Who decides acceptable risks in human gene editing?

Deciding which risks in human gene editing are acceptable is not a single technical judgment but a layered social process that combines scientific evidence, regulatory frameworks, ethical review, and public values. Risk assessment begins in laboratories and clinics where researchers characterize safety and efficacy, but judgments about acceptability require institutions that translate evidence into rules and social commitments.

Expert and regulatory roles
Scientific bodies evaluate technical risks. The National Academies of Sciences, Engineering, and Medicine recommends rigorous preclinical research, transparent reporting, and independent oversight before any clinical applications proceed, and it urges broad societal deliberation before heritable germline interventions move toward practice. The World Health Organization has convened expert advisory groups and proposed a global registry and governance mechanisms to coordinate oversight across borders and to discourage premature clinical use of germline editing until safety, effectiveness, and ethical concerns are addressed. Individual scientists also shape norms: Jennifer Doudna, University of California, Berkeley, has publicly urged international governance and restraint, arguing that technical possibility does not by itself justify clinical deployment.

Ethics committees and professional societies translate scientific risk into policy. Institutional review boards, national regulators and professional licensing bodies weigh potential clinical benefits against harms, equity, and consent. Legal frameworks vary by country, producing different thresholds for acceptable risk. The widely condemned case of researcher He Jiankui, who announced edited embryos leading to live births, demonstrated how unilateral action outside accepted regulatory processes can provoke legal sanctions and reinforce calls for stronger oversight.
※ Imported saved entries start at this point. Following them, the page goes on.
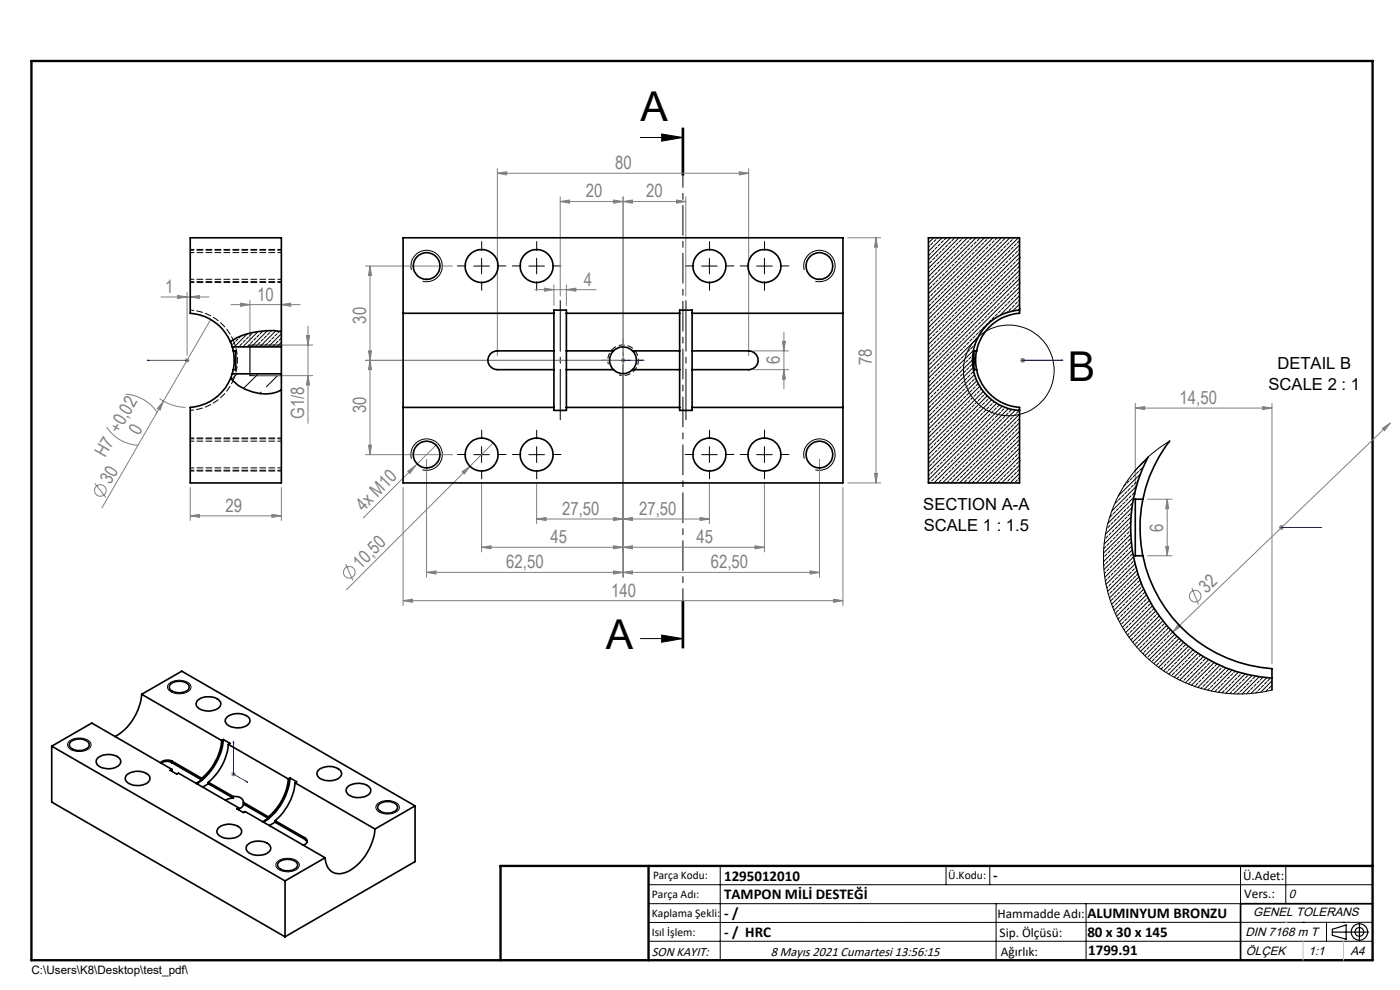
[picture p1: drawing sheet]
<svg xmlns="http://www.w3.org/2000/svg" width="297mm" height="210mm" viewBox="0 0 297 210" stroke-linecap="round" stroke-linejoin="round" font-family="sans-serif">
<g fill="none" stroke="#808080" stroke-width=".21">
<path d="M105.5 36.8l2-.4v.7zM105.5 35.8v39.6M105.5 36.8h53.3M156.8 36.4l2 .4-2 .3zM158.8 35.8v39.6M77.5 56.4h18.5M78.5 56.4v40M78.5 56.4l.3 2h-.6zM118.9 42.7l1.9-.3v.7zM118.9 41.8v21M130.2 42.4l2 .3-2 .4zM132.2 42.7l2-.3v.7z"/>
<path d="M132.2 41.8v33.6M143.5 42.4l2 .3-2 .4zM145.5 42.7h-26.6M145.5 41.8v21M179.8 50.4h7M185.8 50.4l.4 2h-.7zM185.8 50.4v52M34.1 63h10.2M37.7 62.7l2 .3-2 .3zM39.2 76.4h1M39.3 76.1l.7 .7M39.7 62v13.4"/>
<path d="M39.7 75.9v1M40 76.1l-.7 .7M40.4 63l1.9-.3v.6zM44.7 67.8l-10 17.3M49 64.6h14.7M51 64.3l2 .3-2 .4zM53 63.6v8.6M54 73.2h12.4M54 79.7h12.4M59.7 64.6l2-.3v.7zM59.7 63.6v8.6M65 71.2h.7l-.4 2z"/>
<path d="M65.3 69.2v20.6M65.3 79.7l.4 2h-.7zM77.5 76.4h53.7M78.2 74.4h.6l-.3 2zM78.5 76.4l.3 2h-.6zM113.5 61.4h13M115.5 61.1l2 .3-2 .4zM117.5 60.5v4.3M120.2 61.4l2-.3v.7zM120.2 60.5v4.3M131.7 76.4h1M131.8 76.1l.7 .7"/>
<path d="M132.2 77.4v45M132.2 75.9v1M132.5 76.1l-.7 .7M159.8 78.4h7.5M159.8 74.4h7.5M166 72.4h.6l-.3 2zM166.3 78.4l.3 2h-.6zM166.3 70.4v12M216.5 76.4h1M216.6 76.1l.7 .7M217 75.9v1M217.3 76.1l-.7 .7"/>
<path d="M22.6 90.6a8.5 8.5 0 0 0 6.8 3.9M26.6 83.6a8.6 8.6 0 0 1 6.8 3.9M33.8 84.6l.4 .2a10.1 10.1 0 0 0 5.2 1.6M34.7 85.1l-.7 1.9-.6-.3zM34.7 85.1l-13.1 22.6M77.5 96.4h18.5M78.2 94.4h.6l-.3 2zM86.5 100l1.7-1.2-1.2 1.6zM90.5 97.4v25M92.9 94.1l-15.9 15.8M99.7 98.9l-26.2 26.2M104.6 93.9l-4.9 5"/>
<path d="M173.8 97.4v25M240.8 86.6l2.1-.4v.7zM240.8 85.6v19.3M240.8 86.6h29M267.9 86.2l1.9 .4-1.9 .3zM269.8 85.6v55.2M293.3 90.9l1.6-1.2-1.2 1.7zM294.9 89.7l-46.1 44.4M20.1 102.5l2.3 3M40.4 109.4l1.9-.3v.6zM40.4 103.4v7M40.4 109.4h19.3"/>
<path d="M57.7 109.1l2 .3-2 .3zM59.7 103.4v7M73.3 119.7l1.6 3.4M85.5 103.4v25M98 100.1l1.7-1.2-1.2 1.6zM102.2 116.1l2-.3v.6zM102.2 102.6v14.5M102.2 116.1h60M113.8 110.1l2.1-.3v.6zM113.8 102.6v8.5M130.2 115.8l2 .3-2 .3zM130.2 109.8l2 .3-2 .3z"/>
<path d="M132.2 110.1l2-.3v.6zM132.2 116.1l2-.3v.6zM148.5 109.8l2 .3-2 .3zM150.5 110.1h-36.7M150.5 102.6v8.5M160.2 115.8l2 .3-2 .3zM162.2 102.6v14.5M178.8 103.4v25M179.8 102.4h7M185.5 100.4h.7l-.4 2zM243.5 117.9h5.1M243.5 105.9h5.1"/>
<path d="M247.3 115.9h.6l-.3 2zM247.6 105.9v12M247.6 105.9l.3 2h-.6zM271.4 111.9h.9M271.5 111.5l.7 .7M271.9 111.4v1M272.2 111.5l-.7 .7M85.5 127.4l2-.3v.7zM85.5 127.4h93.3M90.5 121.4l2-.3v.7zM90.5 121.4h83.3M130.2 121.1l2 .3-2 .4z"/>
<path d="M132.2 121.4l2-.3v.7zM171.8 121.1l2 .3-2 .4zM176.8 127.1l2 .3-2 .4zM250 132.5l.4 .4-1.6 1.2zM252.8 124.7l1.4 3.5M49 164.2h1M49.2 163.9l.7 .7M49.5 163.7v1M49.9 163.9l-.7 .7"/>
<circle cx="21.3" cy="104" r="1.24"/>
<circle cx="74.1" cy="121.4" r="1.23"/>
<circle cx="253.5" cy="126.5" r="1.22"/>
</g>
<g fill="none" stroke="#000" stroke-width=".21">
<path d="M135.9 29.2h9M140.4 28.4l4.5 .8-4.5 .7zM144.7 27.2v10M144.9 27.2v10M145.1 27.2v10M87.3 57.3a3.3 3.3 0 0 1 2.9-4.2 3.3 3.3 0 0 1 3.6 3.6 3.3 3.3 0 0 1-4.2 2.9M100.5 56.4h3.3M102.2 54.8v3.3M112.2 56.4h3.3M113.8 54.8v3.3M148.8 56.4h3.4M150.5 54.8v3.3"/>
<path d="M160.5 56.4h3.3M162.2 54.8v3.3M170.6 57.3a3.3 3.3 0 0 1 2.9-4.2 3.3 3.3 0 0 1 3.7 3.6 3.3 3.3 0 0 1-4.2 2.9M53 79.7h6.7M53 73.2h6.7M87.3 97.3a3.3 3.3 0 0 1 2.9-4.2 3.3 3.3 0 0 1 3.6 3.6 3.3 3.3 0 0 1-4.2 3M100.5 96.4h3.3M102.2 94.7v3.4M112.2 96.4h3.3M113.8 94.7v3.4M148.8 96.4h3.4M150.5 94.7v3.4"/>
<path d="M160.5 96.4h3.3M162.2 94.7v3.4M170.6 97.3a3.3 3.3 0 0 1 2.9-4.2 3.3 3.3 0 0 1 3.7 3.6 3.3 3.3 0 0 1-4.2 3M135.9 135.5h9M140.4 134.7l4.5 .8-4.5 .7zM144.7 127.5v10M144.9 127.5v10M145.1 127.5v10zM14.7 157.2a3.5 3.5 0 0 1 4.5 .3 1.16 1.16 0 0 1-1 1.7 3.3 3.3 0 0 1-3.7-.8 .93 .93 0 0 1 .2-1.2zM36 144.9a3.5 3.5 0 0 1 4.4 .4 1.16 1.16 0 0 1-1 1.6 3.4 3.4 0 0 1-3.7-.7 .9 .9 0 0 1 .3-1.3zM80.2 170.4a3.5 3.5 0 0 1 4.4 .4 1.14 1.14 0 0 1-1 1.6 3.4 3.4 0 0 1-3.7-.7 .97 .97 0 0 1 .3-1.3zM58.9 182.7a3.4 3.4 0 0 1 4.5 .3 1.39 1.39 0 0 1-1.4 1.8 2.98 2.98 0 0 1-3.5-1.1 .91 .91 0 0 1 .4-1z"/>
<path d="M137.6 187.7h153.6M137.6 191.7h153.6M137.6 199.7h153.6M152.8 183.7v20M200.7 183.7v4M210 183.7v4M211.3 191.7v12M230.4 191.7v12M263.2 183.7v20M272.8 183.7v8M276.4 195.6h.1M281.4 195.6v4.1"/>
<path d="M285 195.6h.1M291.2 195.6l-153.6 .1"/>
<circle cx="214" cy="78.6" r="9.6"/>
</g>
<g fill="none" stroke="#000" stroke-width=".25">
<path d="M53 73.2v6.5M282.6 197.7h7.8M282.6 197.1l3-.9v3l-3-.8zM288.4 195.8v3.8M106.2 203.7h185"/>
<circle cx="288.4" cy="197.7" r="1.74"/>
<circle cx="288.4" cy="197.7" r=".93"/>
</g>
<path d="M131.3 79.5a3.2 3.2 0 0 0 4.1-2.8 3.2 3.2 0 0 0-3.5-3.5 3.2 3.2 0 0 0-2.8 4" fill="none" stroke="#000" stroke-width=".21" stroke-dasharray="1.3 .6" stroke-dashoffset=".7" stroke-linecap="butt"/>
<g fill="none" stroke="#00f" stroke-width=".21">
<path d="M31.2 76.4h.4h-.4M31.2 76.4h8.5M39.6 76.4h.2zM39.7 76.4h.1M132.1 76.4h.2zM132.2 76.4h.1M132.2 76.4h4.2M136.4 76.4h-.4h.4M216.9 76.4h.2zM217 76.4h.1M217 76.4h8.5M225.5 76.4h-.5h.5"/>
<path d="M271.7 111.9h.3zM271.9 111.9h.1M271.9 111.9h8.4M280.3 111.9h-.4h.4M49.5 157.3l.1 .4-.1-.1zM49.5 157.3v6.9l3 1.7M52.2 165.7l.3 .2-.3-.1z"/>
</g>
<g fill="none" stroke="#000" stroke-width=".21" stroke-dasharray="15.2 1.3 1.3 1.3">
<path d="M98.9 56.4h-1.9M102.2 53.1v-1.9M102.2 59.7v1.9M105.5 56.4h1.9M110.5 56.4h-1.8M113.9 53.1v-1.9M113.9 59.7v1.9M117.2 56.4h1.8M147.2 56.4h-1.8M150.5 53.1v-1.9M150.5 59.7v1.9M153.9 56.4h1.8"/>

Public values and cultural contexts
Acceptable risk is also a cultural and political judgment. Bioethicists such as Françoise Baylis, Dalhousie University, emphasize that communities must consider broader social consequences including justice, reproductive autonomy, and the risk of exacerbating inequalities. Public engagement exercises organized by researchers and institutions reveal divergent priorities: some communities prioritize therapeutic benefits for serious inherited disease, while others highlight concerns about eugenic uses, stigma, or altering future generations without their consent. Indigenous and marginalized populations may view gene editing through histories of medical exploitation and territorial sovereignty, insisting that consent processes and benefit-sharing account for cultural values and collective rights.

Consequences and territorial implications
How societies resolve acceptable risk has practical consequences. Permissive regimes can spur medical innovation but also create cross-border “research tourism” and regulatory arbitrage that shift harms onto vulnerable populations. Strict bans can limit access to potentially life-saving therapies and drive research underground. Environmental and intergenerational concerns complicate assessments: heritable edits carry potential impacts that extend beyond individuals to families, communities, and future citizens. International coordination can reduce destructive competition and promote shared standards, but such coordination must respect national sovereignty and cultural diversity.

Ultimately, acceptable risk in human gene editing is determined through interaction among scientists, regulators, ethicists, and the public, mediated by institutions with the authority to enforce rules. Trustworthy governance requires transparent evidence generation, inclusive deliberation, and mechanisms that make decisions accountable to those most affected.